Era bien cierto la forma en la que se cuidaba a pesar de nuestra precariedad, no entendía muy bien, que los alimentos en la mesa no fueran los apropiados para mantener a una criatura, y aun así ella vestía como si de una gala se tratase, me daba rabia muchas veces que solo mirara para ella y a mí me dejara de la manera en que lo hacía. Lo poco que entraba en nuestra choza y ¡sí! la denominé choza a una pequeña casa situada en el centro de la Habana en uno de los antiguos edificios de tres plantas, construidos a primeros de siglo, con un patio rectangular hecho de piedra, donde la corrala, que estaba rodeada por los vecinos, colgaba sus prendas, luciendo de esa manera todas las intimidades y sabiendo cada uno de nosotros lo que entraba y dejaba de salir de cada vivienda, vivienda estrecha y mal construida, compuesta de un pequeño hall donde se repartían las estancias, una pequeña cocina de gas con una mesa y dos sillas de madera, separada por una cortina, el retrete, un lavabo con un espejo de media cara, una bañera roñosa, unas baldas para dejar las toallas y las cremas, y un dormitorio cuadrado que compartíamos mi madre yo, ella con una cama pegada a la ventana y yo en una especie de litera maltrecha con un colchón de muelles, adornada con una colcha de flores en tono rosa para darle otra imagen. Eso sí, la música que nunca faltara, un pequeño transistor hacia las delicias matutinas veía a mi madre, a Lola que así se llamaba, una negra de grandes caderas y cintura estrecha, un escote que hubiera podido amamantar a cinco hijos de golpe, una melena ensortijada y de color azabache, bailar y cantar mambo, creo que lo hacía a posta, para no escuchar aquellas palabras en la lejanía del vecindario. Cada tarde se ponía su vestido ceñido de color bermellón, unos tacones de aguja del mismo color y un lápiz de labios rojo profundo para ensalzar sus carnosos labios.

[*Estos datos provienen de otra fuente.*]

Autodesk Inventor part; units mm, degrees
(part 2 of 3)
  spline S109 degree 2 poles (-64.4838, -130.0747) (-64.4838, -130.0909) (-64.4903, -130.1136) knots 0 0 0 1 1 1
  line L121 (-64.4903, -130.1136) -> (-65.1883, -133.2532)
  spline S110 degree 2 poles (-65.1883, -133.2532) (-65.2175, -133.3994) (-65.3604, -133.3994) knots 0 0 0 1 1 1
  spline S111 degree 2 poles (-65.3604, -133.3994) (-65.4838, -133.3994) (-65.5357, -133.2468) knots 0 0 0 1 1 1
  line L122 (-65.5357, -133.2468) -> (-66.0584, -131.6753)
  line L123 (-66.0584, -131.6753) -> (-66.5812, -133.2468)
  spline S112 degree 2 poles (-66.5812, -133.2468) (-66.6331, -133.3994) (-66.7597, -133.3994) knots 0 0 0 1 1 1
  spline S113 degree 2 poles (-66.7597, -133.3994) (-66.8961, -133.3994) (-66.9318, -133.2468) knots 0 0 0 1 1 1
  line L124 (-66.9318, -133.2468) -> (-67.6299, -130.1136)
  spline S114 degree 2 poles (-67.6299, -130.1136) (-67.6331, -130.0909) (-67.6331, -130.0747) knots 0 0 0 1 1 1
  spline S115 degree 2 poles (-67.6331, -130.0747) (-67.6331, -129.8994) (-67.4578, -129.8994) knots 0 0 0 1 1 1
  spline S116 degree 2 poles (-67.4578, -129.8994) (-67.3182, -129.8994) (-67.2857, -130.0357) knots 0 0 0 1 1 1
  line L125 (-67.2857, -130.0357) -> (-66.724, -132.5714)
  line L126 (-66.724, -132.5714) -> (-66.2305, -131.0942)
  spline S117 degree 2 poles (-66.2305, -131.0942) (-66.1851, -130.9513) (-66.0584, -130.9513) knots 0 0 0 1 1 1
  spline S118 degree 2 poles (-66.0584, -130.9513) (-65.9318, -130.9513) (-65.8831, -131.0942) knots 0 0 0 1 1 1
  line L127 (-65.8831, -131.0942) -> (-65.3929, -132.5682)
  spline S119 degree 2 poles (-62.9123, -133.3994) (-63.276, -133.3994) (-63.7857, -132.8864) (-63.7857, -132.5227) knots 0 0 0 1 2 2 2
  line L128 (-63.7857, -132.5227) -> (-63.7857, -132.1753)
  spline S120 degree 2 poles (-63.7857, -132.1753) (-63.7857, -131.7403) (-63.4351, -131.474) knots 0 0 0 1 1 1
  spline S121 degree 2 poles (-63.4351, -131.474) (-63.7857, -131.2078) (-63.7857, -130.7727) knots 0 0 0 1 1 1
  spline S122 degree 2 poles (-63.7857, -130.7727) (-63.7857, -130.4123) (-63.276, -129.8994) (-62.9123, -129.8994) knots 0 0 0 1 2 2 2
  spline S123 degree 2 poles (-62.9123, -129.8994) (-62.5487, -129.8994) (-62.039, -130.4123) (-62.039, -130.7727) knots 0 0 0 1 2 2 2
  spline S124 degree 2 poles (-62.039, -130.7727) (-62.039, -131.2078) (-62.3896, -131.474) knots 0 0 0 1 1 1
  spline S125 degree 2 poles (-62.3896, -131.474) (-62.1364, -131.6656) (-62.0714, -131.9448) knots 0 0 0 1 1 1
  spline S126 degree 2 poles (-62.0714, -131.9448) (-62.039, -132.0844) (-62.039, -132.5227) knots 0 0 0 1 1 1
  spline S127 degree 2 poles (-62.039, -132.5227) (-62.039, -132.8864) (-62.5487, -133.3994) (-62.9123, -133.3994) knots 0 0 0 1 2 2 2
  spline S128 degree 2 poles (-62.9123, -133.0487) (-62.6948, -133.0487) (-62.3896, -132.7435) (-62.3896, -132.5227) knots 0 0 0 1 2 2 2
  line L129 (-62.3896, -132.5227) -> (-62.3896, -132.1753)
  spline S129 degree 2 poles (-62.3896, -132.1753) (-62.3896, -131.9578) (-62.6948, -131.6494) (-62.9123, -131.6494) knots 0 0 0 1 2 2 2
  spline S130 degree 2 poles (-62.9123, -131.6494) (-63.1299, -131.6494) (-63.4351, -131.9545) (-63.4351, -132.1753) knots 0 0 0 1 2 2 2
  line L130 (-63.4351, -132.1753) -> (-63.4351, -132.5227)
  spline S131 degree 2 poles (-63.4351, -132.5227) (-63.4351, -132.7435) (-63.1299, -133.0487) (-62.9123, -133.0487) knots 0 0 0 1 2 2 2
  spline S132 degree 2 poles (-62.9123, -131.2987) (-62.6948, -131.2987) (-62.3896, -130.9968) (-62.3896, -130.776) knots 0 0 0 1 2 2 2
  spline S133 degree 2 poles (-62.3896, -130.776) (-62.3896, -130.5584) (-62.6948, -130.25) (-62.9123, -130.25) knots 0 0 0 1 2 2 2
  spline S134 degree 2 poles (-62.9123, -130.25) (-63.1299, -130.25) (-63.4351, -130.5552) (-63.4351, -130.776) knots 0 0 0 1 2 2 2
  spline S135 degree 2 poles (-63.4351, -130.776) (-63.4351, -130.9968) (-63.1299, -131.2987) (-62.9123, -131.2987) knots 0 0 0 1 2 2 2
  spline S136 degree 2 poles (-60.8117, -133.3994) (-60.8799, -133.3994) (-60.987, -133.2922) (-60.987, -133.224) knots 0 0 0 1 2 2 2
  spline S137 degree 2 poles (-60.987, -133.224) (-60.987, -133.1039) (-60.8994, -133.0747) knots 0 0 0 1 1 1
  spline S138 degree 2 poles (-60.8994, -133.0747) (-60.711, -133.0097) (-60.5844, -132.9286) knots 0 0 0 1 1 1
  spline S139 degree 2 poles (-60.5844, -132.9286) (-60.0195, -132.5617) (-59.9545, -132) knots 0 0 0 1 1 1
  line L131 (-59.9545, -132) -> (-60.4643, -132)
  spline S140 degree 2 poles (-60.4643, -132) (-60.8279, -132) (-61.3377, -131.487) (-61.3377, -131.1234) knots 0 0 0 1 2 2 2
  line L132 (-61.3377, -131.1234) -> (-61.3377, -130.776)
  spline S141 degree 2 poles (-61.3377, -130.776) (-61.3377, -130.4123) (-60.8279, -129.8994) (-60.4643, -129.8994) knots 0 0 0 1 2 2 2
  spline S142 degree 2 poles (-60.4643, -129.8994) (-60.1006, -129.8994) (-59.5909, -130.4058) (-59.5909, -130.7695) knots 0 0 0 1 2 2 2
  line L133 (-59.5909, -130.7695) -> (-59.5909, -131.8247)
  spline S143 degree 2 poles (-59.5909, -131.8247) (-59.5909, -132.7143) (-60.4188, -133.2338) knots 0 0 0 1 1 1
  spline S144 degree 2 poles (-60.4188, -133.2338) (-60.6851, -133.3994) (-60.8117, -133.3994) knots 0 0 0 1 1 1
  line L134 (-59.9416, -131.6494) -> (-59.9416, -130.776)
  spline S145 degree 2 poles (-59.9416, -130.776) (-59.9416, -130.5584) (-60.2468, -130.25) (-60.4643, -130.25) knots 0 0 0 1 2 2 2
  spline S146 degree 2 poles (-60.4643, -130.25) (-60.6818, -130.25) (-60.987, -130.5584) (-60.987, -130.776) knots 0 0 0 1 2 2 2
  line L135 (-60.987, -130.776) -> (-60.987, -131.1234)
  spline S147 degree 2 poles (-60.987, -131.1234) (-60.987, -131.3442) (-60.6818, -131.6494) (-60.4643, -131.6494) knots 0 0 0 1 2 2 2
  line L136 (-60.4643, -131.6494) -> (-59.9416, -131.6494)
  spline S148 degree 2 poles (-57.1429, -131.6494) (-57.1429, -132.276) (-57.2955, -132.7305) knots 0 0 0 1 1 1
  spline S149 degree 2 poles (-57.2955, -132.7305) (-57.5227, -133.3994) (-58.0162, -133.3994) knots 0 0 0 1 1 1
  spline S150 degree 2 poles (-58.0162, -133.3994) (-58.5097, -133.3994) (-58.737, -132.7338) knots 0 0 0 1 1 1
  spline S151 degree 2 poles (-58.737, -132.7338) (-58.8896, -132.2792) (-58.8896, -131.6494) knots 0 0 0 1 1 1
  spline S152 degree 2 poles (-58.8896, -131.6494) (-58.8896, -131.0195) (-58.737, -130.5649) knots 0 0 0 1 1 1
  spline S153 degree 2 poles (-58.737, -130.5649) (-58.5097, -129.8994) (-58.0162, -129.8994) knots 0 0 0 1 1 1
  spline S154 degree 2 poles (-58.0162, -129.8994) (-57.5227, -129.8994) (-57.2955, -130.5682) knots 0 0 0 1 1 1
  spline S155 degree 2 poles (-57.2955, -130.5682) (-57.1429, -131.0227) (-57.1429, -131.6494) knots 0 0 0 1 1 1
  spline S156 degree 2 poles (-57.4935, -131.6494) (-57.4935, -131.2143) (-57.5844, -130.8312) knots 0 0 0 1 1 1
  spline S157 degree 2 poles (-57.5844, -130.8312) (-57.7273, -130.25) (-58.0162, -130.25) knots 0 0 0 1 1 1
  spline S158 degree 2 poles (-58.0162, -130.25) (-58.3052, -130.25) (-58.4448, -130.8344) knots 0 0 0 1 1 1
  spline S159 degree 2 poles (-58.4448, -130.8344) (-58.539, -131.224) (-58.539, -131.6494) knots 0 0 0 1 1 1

- ¡Vendré de madrugada, Carolina! - me decía mi madre cada noche. - Y para cuando te levantes, tendrás unas tortillas y mango para desayunar, así podrás ir fuerte a la escuela, mi niña. Mami no te abandona, pero tiene que trabajar ¿oíste mi princesa? No abras a nadie, y cuídate mami. Chao.


Y así era, cuando regresaba por las noches antes de que el sol diera vida a nuestra calle, ella ya estaba en la cama y la mesa preparada como lo había dicho. Me vestía, comía alguna tortita y algo de fruta y salía para la escuela. Parte del día la pasaba allí, después regresaba hacía las dos de la tarde y Lola seguía en la cama.


La comida era la misma que había dejado en la mesa mi madre antes de acostarse. Tortitas y fruta. A veces, la dejaba alguna que otra pieza para cuando se despertaba, pero lo primero que hacía era poner el transistor, encender un cigarrillo rubio y contonearse delante de la ventana mientras la música salía por la ventana.


- ¡Maaambo! - gritaba al compás de la melodía, y dejaba que sus enormes caderas siguieran el compás.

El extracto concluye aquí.